A couple of weeks ago, my friend Dotti sent me a photo of a Mister Gee burger, with a note saying, “they’re not far from you!”

She was right too – parked in an old car wash on the border of Five Dock and Haberfield, this hipster food truck was only a short drive from home. I picked up my friend Carol on the way and we arrived at 6.20pm – 10 minutes before official opening time.

It was raining and cool, and the queue was already snaking out of the undercover shelter by the time we got there. And you know what? At fifty, Carol and I were, without question, the oldest people there…

It was dark by the time we got towards the front of the queue.

“How old are you?” I asked the two young Asian guys standing in front of us.

“Eighteen”, one of them replied.

“Seriously? Does your mother know you’re here? And do you think she’d be happy that you’re standing in the rain?”

They laughed so hard – I turn into everyone’s mad Chinese mother at any opportunity…

Inside the truck, music was blaring and a crowd of young workers were moving at speed – I counted eight people behind the counter.

On offer that night were “Geeism” burgers (beef patty, oakleaf, tomato, onion, kimchi mayo, bacon, havarti cheese), chilli cheese fries and baklava shakes. As you can see, I’d given up on getting stoically wet by that stage and had pulled out my purple pocket umbrella

The young guys in front of us ordered five burgers (two with double patties), four trays of fries and a baklava shake between them. They were planning to eat the whole lot on their own. It’s hard not to respect appetites like that! The person in front of them ordered a triple burger, which was so humungous that I had to take the photo below.

By this time we’d been waiting for an hour and ten minutes, and  friendly strangers had started sheltering under our umbrella…

So was it worth it? Absolutely! It was great fun, everyone was cheerful and patient, and I thought my burger was the best I’d ever tasted.

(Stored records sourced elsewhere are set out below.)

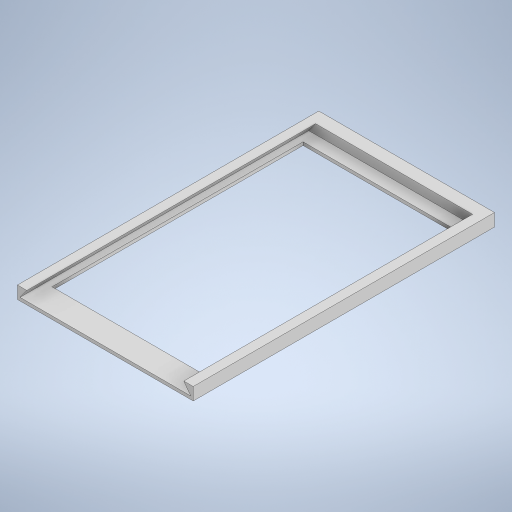
# Autodesk Inventor part: cover
Saved by Autodesk Inventor 2023 (Build 270158000, 158)
## iProperties
Created: 2023-03-10
Part Number: cover
Material: Типовые
Document SubType Name: Modeling
Designer: Josh
Density: 1 g/cm^3
Appearance: По умолчанию
Author: Josh
Autodesk Inventor part; units mm, degrees
ref_plane "YZ Plane" through (0, 0, 0) normal (1, 0, 0) x (0, 1, 0)
ref_plane "XZ Plane" through (0, 0, 0) normal (0, 1, 0) x (-1, 0, 0)
ref_plane "XY Plane" through (0, 0, 0) normal (0, 0, 1) x (1, 0, 0)
sketch "Эскиз1" plane through (0, 0, 0) normal (0, 1, 0) x (-1, 0, 0)
  line L0 (-25, -40) -> (25, -40)
  line L1 (25, -40) -> (25, 40)
  line L2 (25, 40) -> (-25, 40)
  line L3 (-25, 40) -> (-25, -40)
  line L4 (-25, -40) -> (25, 40) construction
  line L5 (25, -40) -> (-25, 40) construction
  line L6 (28, 43) -> (28, -43)
  line L7 (28, -43) -> (-28, -43)
  line L8 (-28, -43) -> (-28, 43)
  line L9 (-28, 43) -> (28, 43)
  line L10 (28, 43) -> (25, 43)
  line L11 (25, 43) -> (25, -43)
  line L12 (25, -43) -> (28, -43)
  line L13 (28, -43) -> (28, 43)
  line L14 (-28, 43) -> (-25, 43)
  line L15 (-25, 43) -> (-25, -43)
  line L16 (-25, -43) -> (-28, -43)
  line L17 (-28, -43) -> (-28, 43)
  point P0 (0, 0)
  point P1 (-25, 43)
  dimension "d0" = 50
  dimension "d1" = 80
  dimension "d2" = 3
  constraints: 36 end point, 8 parallel, 4 perpendicular, 3 horizontal, 2 midpoint, 2 point on line, 3 other
  measures "d0" distance of L2.end L1.end
  measures "d1" distance of L1.end L0.end
  measures "d2" distance between parallel lines of L1 L6
extrude "Выдавливание1" add sketch "Эскиз1" along normal blind 1 contours L15 L7 L8 L9 L3 | L0 L11 L7 L15 | L1 L11 L9 L6 L7 | L15 L9 L11 L2
extrude "Выдавливание2" add sketch "Эскиз1" along normal blind 4 contours L15 L7 L8 L9 L3 | L0 L11 L7 L15 | L1 L11 L9 L6 L7
sketch "Эскиз2" plane through (-28, 0, 43) normal (0, 0, 1) x (1, 0, 0)
  line L0 (0, 0) -> (0, 4) projected
  line L1 (0, 1) -> (56, 1)
  line L2 (56, 0) -> (56, 4) projected
  line L3 (3, 0) -> (3, 4) projected
  line L4 (3, 4) -> (0.8, 1)
  line L5 (28, 0) -> (28, 4)
  line L6 (53, 4) -> (55.2, 1)
  line L7 (53, 0) -> (53, 4) projected
  line L8 (53, 4) -> (53, 1)
  point P0 (55.2, 1)
  point P1 (3, 1)
  dimension "d7" = 0.8
  constraints: 10 end point, 4 point on line, 2 symmetric about line, 1 collinear, 1 horizontal, 1 vertical
  measures "d7" distance of L4.end L1.start
extrude "Выдавливание3" cut sketch "Эскиз2" against normal up to surface (83 mm away)
sketch "Эскиз3" plane through (-25, 0, -40) normal (0, 0, 1) x (1, 0, 0)
  line L0 (0, 0) -> (50, 0) projected
  line L1 (50, 0) -> (50, 1) projected
  line L2 (52.2, 1) -> (50, 1) projected
  line L3 (50, 4) -> (52.2, 1) projected
  line L4 (0, 4) -> (50, 4) projected
  line L5 (-2.2, 1) -> (0, 4) projected
  line L6 (0, 1) -> (-2.2, 1) projected
  line L7 (0, 0) -> (0, 1) projected
  line L8 (-2.2, 1) -> (52.2, 1) projected
  point P0 (25, 0)
extrude "Выдавливание4" cut sketch "Эскиз3" against normal blind 1 contours L6 L5 L4 L3 L2 L8
sketch "Эскиз4" plane through (28, 0, -43) normal (0, 0, -1) x (-1, 0, 0)
  line L0 (0, 0) -> (56, 0) projected
  line L1 (56, 0) -> (56, 4) projected
  line L2 (0, 4) -> (56, 4) projected
  line L3 (0, 0) -> (0, 4) projected
  point P0 (28, 0)
extrude "Выдавливание5" add sketch "Эскиз4" along normal blind 5
sketch "Эскиз5" plane through (-28, 0, 43) normal (0, 0, 1) x (1, 0, 0)
  line L0 (0.8, 1) -> (55.2, 1) projected
  line L1 (0.8, 1) -> (3, 4) projected
  line L2 (0, 4) -> (3, 4) projected
  line L3 (0, 0) -> (0, 4) projected
  line L4 (0, 0) -> (56, 0) projected
  line L5 (56, 0) -> (56, 4) projected
  line L6 (53, 4) -> (56, 4) projected
  line L7 (53, 4) -> (55.2, 1) projected
  point P0 (28, 0)
extrude "Выдавливание6" add sketch "Эскиз5" along normal blind 5
sketch "Эскиз6" plane through (-25, 0, -41) normal (0, 0, 1) x (1, 0, 0)
  line L0 (0, 4) -> (50, 4) projected
  line L1 (-2.2, 1) -> (0, 4) projected
  line L2 (52.2, 1) -> (-2.2, 1) projected
  line L3 (50, 4) -> (52.2, 1) projected
  point P0 (25, 0)
extrude "Выдавливание7" cut sketch "Эскиз6" against normal blind 3
Autodesk Fusion 360 part; units mm, degrees
(part 2 of 9)
  spline S7 degree 5 poles (-8.2602, -45.0085) (-8.2574, -44.9998) (-8.2518, -44.9823) (-8.2434, -44.9561) (-8.2325, -44.9211) (-8.2192, -44.8775) (-8.2062, -44.8338) (-8.1934, -44.7902) (-8.181, -44.7465) (-8.1689, -44.7029) (-8.1571, -44.6593) (-8.1456, -44.6157) (-8.1344, -44.5722) (-8.1235, -44.5286) (-8.1129, -44.4851) (-8.1026, -44.4416) (-8.0927, -44.3982) (-8.083, -44.3547) (-8.0737, -44.3113) (-8.0647, -44.268) (-8.056, -44.2247) (-8.0476, -44.1814) (-8.0396, -44.1381) (-8.0318, -44.0949) (-8.0244, -44.0518) (-8.0174, -44.0087) (-8.0106, -43.9656) (-8.0042, -43.9226) (-7.9981, -43.8797) (-7.9923, -43.8368) (-7.9869, -43.794) (-7.9818, -43.7512) (-7.9771, -43.7085) (-7.9727, -43.6659) (-7.9686, -43.6233) (-7.9649, -43.5808) (-7.9616, -43.5384) (-7.9585, -43.4961) (-7.9559, -43.4538) (-7.9536, -43.4116) (-7.9516, -43.3695) (-7.9501, -43.3275) (-7.9489, -43.2857) (-7.948, -43.2439) (-7.9476, -43.2022) (-7.9475, -43.1606) (-7.9478, -43.1191) (-7.9485, -43.0777) (-7.9495, -43.0364) (-7.951, -42.9953) (-7.9528, -42.9542) (-7.9551, -42.9133) (-7.9578, -42.8726) (-7.961, -42.832) (-7.9646, -42.7915) (-7.9686, -42.7512) (-7.9731, -42.7111) (-7.9779, -42.671) (-7.9831, -42.6312) (-7.9888, -42.5915) (-7.995, -42.552) (-8.0019, -42.5127) (-8.0095, -42.4737) (-8.0177, -42.435) (-8.0265, -42.3965) (-8.0358, -42.3583) (-8.0454, -42.3202) (-8.0554, -42.2822) (-8.0658, -42.2445) (-8.077, -42.2071) (-8.0895, -42.1703) (-8.1011, -42.1416) (-8.1108, -42.1205) (-8.1177, -42.1066) (-8.1213, -42.0998) knots -1 -1 -1 -1 -1 -1 -0.98571429 -0.97142857 -0.95714286 -0.94285714 -0.92857143 -0.91428571 -0.9 -0.88571429 -0.87142857 -0.85714286 -0.84285714 -0.82857143 -0.81428571 -0.8 -0.78571429 -0.77142857 -0.75714286 -0.74285714 -0.72857143 -0.71428571 -0.7 -0.68571429 -0.67142857 -0.65714286 -0.64285714 -0.62857143 -0.61428571 -0.6 -0.58571429 -0.57142857 -0.55714286 -0.54285714 -0.52857143 -0.51428571 -0.5 -0.48571429 -0.47142857 -0.45714286 -0.44285714 -0.42857143 -0.41428571 -0.4 -0.38571429 -0.37142857 -0.35714286 -0.34285714 -0.32857143 -0.31428571 -0.3 -0.28571429 -0.27142857 -0.25714286 -0.24285714 -0.22857143 -0.21428571 -0.2 -0.18571429 -0.17142857 -0.15714286 -0.14285714 -0.12857143 -0.11428571 -0.1 -0.08571429 -0.07142857 -0.05714286 -0.04285714 -0.02857143 -0.01428571 0 0 0 0 0 0
  line L7 (-8.1213, -42.0998) -> (-8.7529, -40.891)
  arc A15 (-8.5688, -40.2318) -> (-8.7529, -40.891) centre (-8.3098, -40.6595) ccw
  arc A16 (-8.5688, -40.2318) -> (-7.5487, -39.4906) centre (-12.4806, -33.7751) ccw
  arc A17 (-6.8649, -39.5193) -> (-7.5487, -39.4906) centre (-7.222, -39.8692) ccw
  line L8 (-6.8649, -39.5193) -> (-5.9105, -40.4935)
  spline S8 degree 5 poles (-5.9105, -40.4935) (-5.905, -40.499) (-5.894, -40.5099) (-5.8769, -40.5256) (-5.8532, -40.5455) (-5.8221, -40.5688) (-5.79, -40.591) (-5.7573, -40.6126) (-5.7243, -40.6338) (-5.691, -40.6547) (-5.6575, -40.6754) (-5.6236, -40.6956) (-5.5894, -40.7154) (-5.5546, -40.7347) (-5.5194, -40.7533) (-5.4838, -40.7714) (-5.4478, -40.7891) (-5.4115, -40.8064) (-5.3749, -40.8234) (-5.338, -40.84) (-5.301, -40.8563) (-5.2636, -40.8722) (-5.226, -40.8878) (-5.1881, -40.903) (-5.1499, -40.9178) (-5.1114, -40.9322) (-5.0728, -40.9463) (-5.0338, -40.9601) (-4.9947, -40.9735) (-4.9553, -40.9866) (-4.9157, -40.9994) (-4.8759, -41.0118) (-4.8359, -41.024) (-4.7957, -41.0358) (-4.7553, -41.0472) (-4.7146, -41.0584) (-4.6738, -41.0692) (-4.6328, -41.0798) (-4.5916, -41.09) (-4.5502, -41.0999) (-4.5087, -41.1095) (-4.4669, -41.1188) (-4.425, -41.1278) (-4.383, -41.1365) (-4.3407, -41.1449) (-4.2983, -41.1529) (-4.2557, -41.1607) (-4.213, -41.1682) (-4.1701, -41.1754) (-4.1271, -41.1823) (-4.0839, -41.1888) (-4.0406, -41.1951) (-3.9971, -41.2011) (-3.9535, -41.2068) (-3.9098, -41.2122) (-3.8659, -41.2174) (-3.8218, -41.2222) (-3.7777, -41.2267) (-3.7334, -41.231) (-3.689, -41.2349) (-3.6445, -41.2386) (-3.5998, -41.242) (-3.555, -41.2451) (-3.5102, -41.2479) (-3.4651, -41.2504) (-3.42, -41.2527) (-3.3748, -41.2546) (-3.3295, -41.2563) (-3.284, -41.2576) (-3.2385, -41.2587) (-3.1928, -41.2596) (-3.1562, -41.26) (-3.1287, -41.2602) (-3.1104, -41.2602) (-3.1012, -41.2603) knots 0 0 0 0 0 0 0.01428571 0.02857143 0.04285714 0.05714286 0.07142857 0.08571429 0.1 0.11428571 0.12857143 0.14285714 0.15714286 0.17142857 0.18571429 0.2 0.21428571 0.22857143 0.24285714 0.25714286 0.27142857 0.28571429 0.3 0.31428571 0.32857143 0.34285714 0.35714286 0.37142857 0.38571429 0.4 0.41428571 0.42857143 0.44285714 0.45714286 0.47142857 0.48571429 0.5 0.51428571 0.52857143 0.54285714 0.55714286 0.57142857 0.58571429 0.6 0.61428571 0.62857143 0.64285714 0.65714286 0.67142857 0.68571429 0.7 0.71428571 0.72857143 0.74285714 0.75714286 0.77142857 0.78571429 0.8 0.81428571 0.82857143 0.84285714 0.85714286 0.87142857 0.88571429 0.9 0.91428571 0.92857143 0.94285714 0.95714286 0.97142857 0.98571429 1 1 1 1 1 1
  arc A18 (-3.1012, -41.2603) -> (-2.4634, -40.3824) centre (-12.4806, -33.7751) ccw
  spline S9 degree 5 poles (-2.4634, -40.3824) (-2.4663, -40.3737) (-2.472, -40.3563) (-2.4807, -40.3302) (-2.4924, -40.2955) (-2.5073, -40.2523) (-2.5224, -40.2094) (-2.5377, -40.1666) (-2.5533, -40.124) (-2.5692, -40.0816) (-2.5852, -40.0393) (-2.6015, -39.9973) (-2.6181, -39.9555) (-2.6349, -39.9139) (-2.6519, -39.8724) (-2.6691, -39.8312) (-2.6866, -39.7902) (-2.7043, -39.7494) (-2.7223, -39.7088) (-2.7405, -39.6684) (-2.7589, -39.6283) (-2.7776, -39.5883) (-2.7965, -39.5486) (-2.8156, -39.5091) (-2.835, -39.4699) (-2.8546, -39.4308) (-2.8745, -39.392) (-2.8945, -39.3535) (-2.9149, -39.3152) (-2.9354, -39.2771) (-2.9562, -39.2392) (-2.9772, -39.2017) (-2.9985, -39.1643) (-3.02, -39.1272) (-3.0417, -39.0904) (-3.0637, -39.0539) (-3.0859, -39.0176) (-3.1084, -38.9816) (-3.131, -38.9458) (-3.154, -38.9103) (-3.1771, -38.8751) (-3.2005, -38.8402) (-3.2242, -38.8056) (-3.2481, -38.7713) (-3.2722, -38.7373) (-3.2966, -38.7036) (-3.3213, -38.6702) (-3.3461, -38.6372) (-3.3712, -38.6044) (-3.3966, -38.5719) (-3.4222, -38.5398) (-3.4481, -38.5081) (-3.4742, -38.4767) (-3.5007, -38.4458) (-3.5274, -38.4152) (-3.5543, -38.3849) (-3.5815, -38.355) (-3.609, -38.3255) (-3.6366, -38.2963) (-3.6646, -38.2675) (-3.6928, -38.2392) (-3.7215, -38.2115) (-3.7505, -38.1844) (-3.7799, -38.1579) (-3.8096, -38.132) (-3.8396, -38.1065) (-3.8698, -38.0813) (-3.9002, -38.0564) (-3.9308, -38.032) (-3.9618, -38.0084) (-3.9936, -37.986) (-4.0198, -37.9696) (-4.0401, -37.9582) (-4.0538, -37.9511) (-4.0608, -37.9476) knots -1 -1 -1 -1 -1 -1 -0.98571429 -0.97142857 -0.95714286 -0.94285714 -0.92857143 -0.91428571 -0.9 -0.88571429 -0.87142857 -0.85714286 -0.84285714 -0.82857143 -0.81428571 -0.8 -0.78571429 -0.77142857 -0.75714286 -0.74285714 -0.72857143 -0.71428571 -0.7 -0.68571429 -0.67142857 -0.65714286 -0.64285714 -0.62857143 -0.61428571 -0.6 -0.58571429 -0.57142857 -0.55714286 -0.54285714 -0.52857143 -0.51428571 -0.5 -0.48571429 -0.47142857 -0.45714286 -0.44285714 -0.42857143 -0.41428571 -0.4 -0.38571429 -0.37142857 -0.35714286 -0.34285714 -0.32857143 -0.31428571 -0.3 -0.28571429 -0.27142857 -0.25714286 -0.24285714 -0.22857143 -0.21428571 -0.2 -0.18571429 -0.17142857 -0.15714286 -0.14285714 -0.12857143 -0.11428571 -0.1 -0.08571429 -0.07142857 -0.05714286 -0.04285714 -0.02857143 -0.01428571 0 0 0 0 0 0
  line L9 (-4.0608, -37.9476) -> (-5.2822, -37.341)
  arc A19 (-5.5208, -36.6995) -> (-5.2822, -37.341) centre (-5.0598, -36.8932) ccw
  arc A20 (-5.5208, -36.6995) -> (-5.1311, -35.5002) centre (-12.4806, -33.7751) ccw
  arc A21 (-4.561, -35.1214) -> (-5.1311, -35.5002) centre (-4.6443, -35.6144) ccw
  line L10 (-4.561, -35.1214) -> (-3.2163, -35.3486)
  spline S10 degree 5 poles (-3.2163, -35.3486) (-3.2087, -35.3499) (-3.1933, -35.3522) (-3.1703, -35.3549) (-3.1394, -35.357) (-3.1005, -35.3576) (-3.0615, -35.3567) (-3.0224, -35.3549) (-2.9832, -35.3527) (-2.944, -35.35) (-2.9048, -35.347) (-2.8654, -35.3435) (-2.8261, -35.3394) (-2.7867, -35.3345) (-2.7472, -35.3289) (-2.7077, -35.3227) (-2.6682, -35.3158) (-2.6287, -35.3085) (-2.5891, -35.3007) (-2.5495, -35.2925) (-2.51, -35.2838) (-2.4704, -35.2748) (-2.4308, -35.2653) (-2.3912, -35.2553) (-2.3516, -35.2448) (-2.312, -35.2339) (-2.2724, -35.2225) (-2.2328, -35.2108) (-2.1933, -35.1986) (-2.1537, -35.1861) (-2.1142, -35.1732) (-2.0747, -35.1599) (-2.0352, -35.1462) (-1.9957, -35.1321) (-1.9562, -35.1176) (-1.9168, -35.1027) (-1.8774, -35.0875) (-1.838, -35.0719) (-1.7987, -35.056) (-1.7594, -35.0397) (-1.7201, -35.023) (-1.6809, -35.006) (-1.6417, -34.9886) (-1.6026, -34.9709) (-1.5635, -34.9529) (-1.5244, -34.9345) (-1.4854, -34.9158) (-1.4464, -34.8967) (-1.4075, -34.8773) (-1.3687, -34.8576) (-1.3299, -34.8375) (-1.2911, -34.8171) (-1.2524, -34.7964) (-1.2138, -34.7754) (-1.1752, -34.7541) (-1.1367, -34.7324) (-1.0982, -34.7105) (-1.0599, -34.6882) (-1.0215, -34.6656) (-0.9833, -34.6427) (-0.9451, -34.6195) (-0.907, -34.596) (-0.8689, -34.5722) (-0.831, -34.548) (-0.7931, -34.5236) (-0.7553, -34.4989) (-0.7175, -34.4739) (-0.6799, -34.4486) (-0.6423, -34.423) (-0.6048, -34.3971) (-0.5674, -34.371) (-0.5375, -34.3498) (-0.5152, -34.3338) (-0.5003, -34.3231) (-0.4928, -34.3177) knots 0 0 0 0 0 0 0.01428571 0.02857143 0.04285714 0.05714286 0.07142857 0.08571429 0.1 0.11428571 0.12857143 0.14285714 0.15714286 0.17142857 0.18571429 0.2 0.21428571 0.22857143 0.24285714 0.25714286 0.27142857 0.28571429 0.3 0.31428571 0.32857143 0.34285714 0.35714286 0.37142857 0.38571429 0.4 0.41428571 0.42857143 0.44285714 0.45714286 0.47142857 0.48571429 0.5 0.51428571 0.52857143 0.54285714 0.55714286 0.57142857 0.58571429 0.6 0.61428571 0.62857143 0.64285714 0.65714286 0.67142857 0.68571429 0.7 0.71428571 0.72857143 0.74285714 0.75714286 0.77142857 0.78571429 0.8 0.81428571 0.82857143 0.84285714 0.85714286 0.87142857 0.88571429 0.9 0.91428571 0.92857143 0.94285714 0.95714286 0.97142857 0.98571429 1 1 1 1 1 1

The meat was flavoursome, incredibly tender and cooked to medium perfection, the brioche bun was soft and just the right size (I don’t like burgers with crusty buns) and the kimchi mayo was divine. The fries were a nice accompaniment, albeit not outstanding.

Pete and Big Boy enjoyed their burgers too, Small Man less so. He prefers something with a bit more chew – this one was all a bit too tender for him.

If you’re after a cheap foodie adventure and you’re willing to stand in a queue for an hour or so, the Mister Gee Burger Truck is delicious fun. Burgers are $10 each, fries $5 – cash only.